Data excerpts>
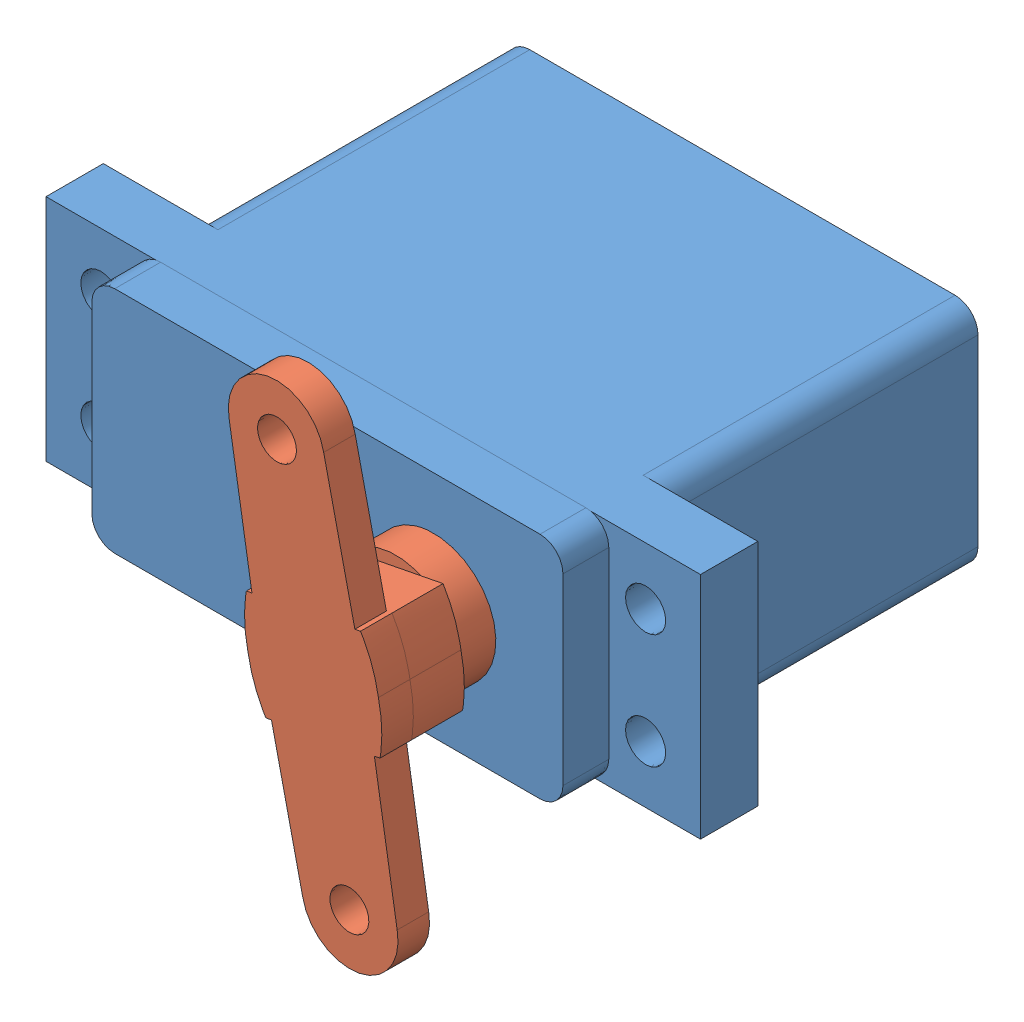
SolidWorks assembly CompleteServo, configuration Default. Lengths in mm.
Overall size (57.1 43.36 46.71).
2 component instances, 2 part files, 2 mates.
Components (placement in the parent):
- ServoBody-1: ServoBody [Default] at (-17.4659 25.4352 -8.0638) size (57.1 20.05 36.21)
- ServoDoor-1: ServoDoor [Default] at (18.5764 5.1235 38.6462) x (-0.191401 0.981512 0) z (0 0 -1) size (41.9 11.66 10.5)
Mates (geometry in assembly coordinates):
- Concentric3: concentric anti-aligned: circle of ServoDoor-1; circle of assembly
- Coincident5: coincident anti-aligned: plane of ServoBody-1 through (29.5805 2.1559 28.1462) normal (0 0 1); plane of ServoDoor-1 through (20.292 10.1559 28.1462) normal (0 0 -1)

EXERCISE REQUIREMENTS>
Please transcribe exactly the line containing "Mates (geometry in" and every line after it to the end of the data, and no other lines.

OUTPUT OF THE TASK>
Mates (geometry in assembly coordinates):
- Concentric3: concentric anti-aligned: circle of ServoDoor-1; circle of assembly
- Coincident5: coincident anti-aligned: plane of ServoBody-1 through (29.5805 2.1559 28.1462) normal (0 0 1); plane of ServoDoor-1 through (20.292 10.1559 28.1462) normal (0 0 -1)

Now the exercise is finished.